Shan Jihua: male, born in 1987, bachelor degree, successively served as assistant to Hangxiao Steel Structure Co.Ltd(600477) general manager and deputy general manager of Wanjun Real Estate Co., Ltd., and now serves as the president of the company.

Luo Jinming: male, born in 1968, Professor of accounting, certified public accountant. He once served as a teacher of economics of Nanchang nonferrous metals industrial school, deputy director of business management department of Jingdezhen Ceramic college, deputy director of Academic Affairs Office of Jingdezhen Ceramic college, vice president of School of Finance and accounting of Zhejiang industrial and Commercial University, and director of Audit Office of Zhejiang industrial and Commercial University. He is currently the Secretary of the Party committee of the school of accounting of Zhejiang University of technology and industry, Riyue Heavy Industry Co.Ltd(603218) , Zhejiang China Zhejiang China Commodities City Group Co.Ltd(600415) Group Co., Ltd., Wanyuan ecology Co., Ltd., Ningbo Qiancheng home furnishing Co., Ltd. and the independent director of the company.

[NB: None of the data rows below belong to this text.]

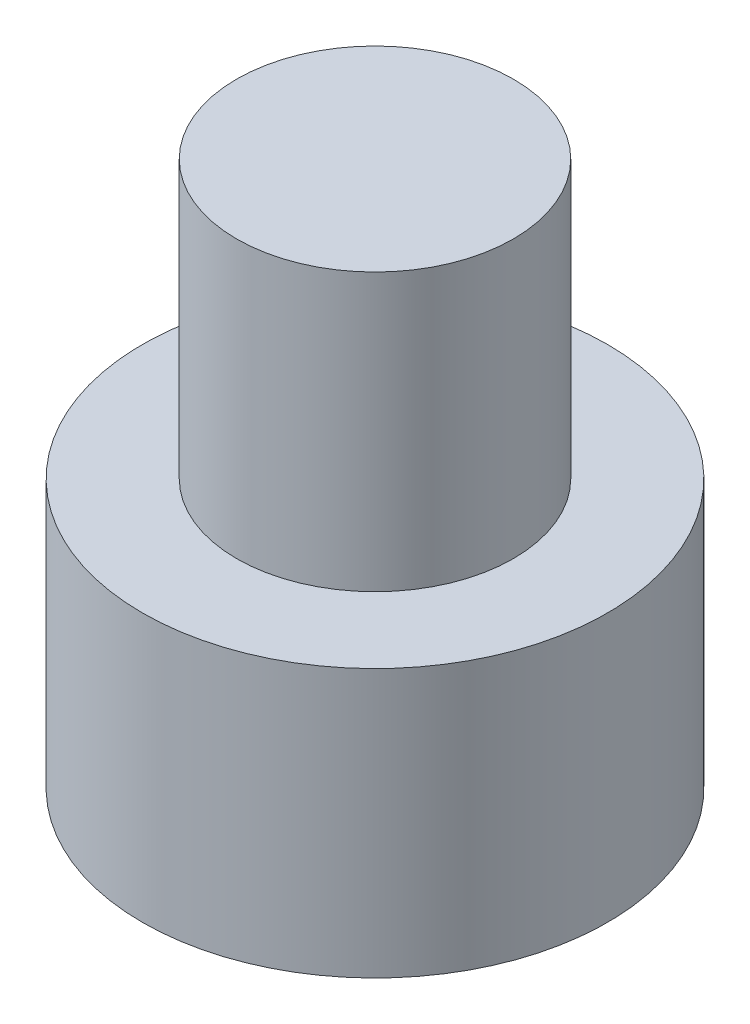
from build123d import *

# Parameters (mm, degrees)
SKETCH_1_R          = 4.2
EXTRUDE_1_DEPTH     = 4.84
SKETCH_2_R          = 2.5
EXTRUDE_2_DEPTH     = 5
CUT_EXTRUDE_1_DEPTH = 3.4


with BuildPart() as part:
    # 草图1 → 凸台-拉伸1 (new body)
    with BuildSketch(Plane(origin=(0, 0, 0), x_dir=(1, 0, 0), z_dir=(0, 1, 0))):
        Circle(SKETCH_1_R)
    extrude(amount=EXTRUDE_1_DEPTH)

    # 草图2 → 凸台-拉伸2 (add)
    with BuildSketch(Plane(origin=(0, 4.84, 0), x_dir=(1, 0, 0), z_dir=(0, 1, 0))):
        Circle(SKETCH_2_R)
    extrude(amount=EXTRUDE_2_DEPTH)

    # 草图3 → 切除-拉伸1 (cut)
    with BuildSketch(Plane.XZ):
        Polygon((2.3, 0), (1.15, 1.991858429), (-1.15, 1.991858429), (-2.3, 0), (-1.15, -1.991858429), (1.15, -1.991858429), align=None)
    extrude(amount=-CUT_EXTRUDE_1_DEPTH, mode=Mode.SUBTRACT)


solid = part.part

Wang Hongwen: female, born in 1972, with a graduate degree, a member of the Communist Party of China and an economist. He was the executive vice president and Secretary General of Zhejiang Listed Companies Association. Currently, he is the managing director of PWC capital, Hang Zhou Iron & Steel Co.Ltd(600126) , China Kings Resources Group Co.Ltd(603505) , Minfeng Special Paper Co.Ltd(600235) , Zhejiang Double Arrow Rubber Co.Ltd(002381) and the independent director of the company. Zhou Yongliang: male, born in 1963, doctor of law. He once served as deputy director of Beijing Vision Consulting Center, President of Beijing Guofu Economic Research Institute and independent director of Shaanxi Construction Machinery Co.Ltd(600984) ( Shaanxi Construction Machinery Co.Ltd(600984) ). He is currently the chairman of Beijing Guofu Innovation Management Consulting Co., Ltd., Sanxiang Technology (831195), Wanlv Biology (830828) and the independent director of the company.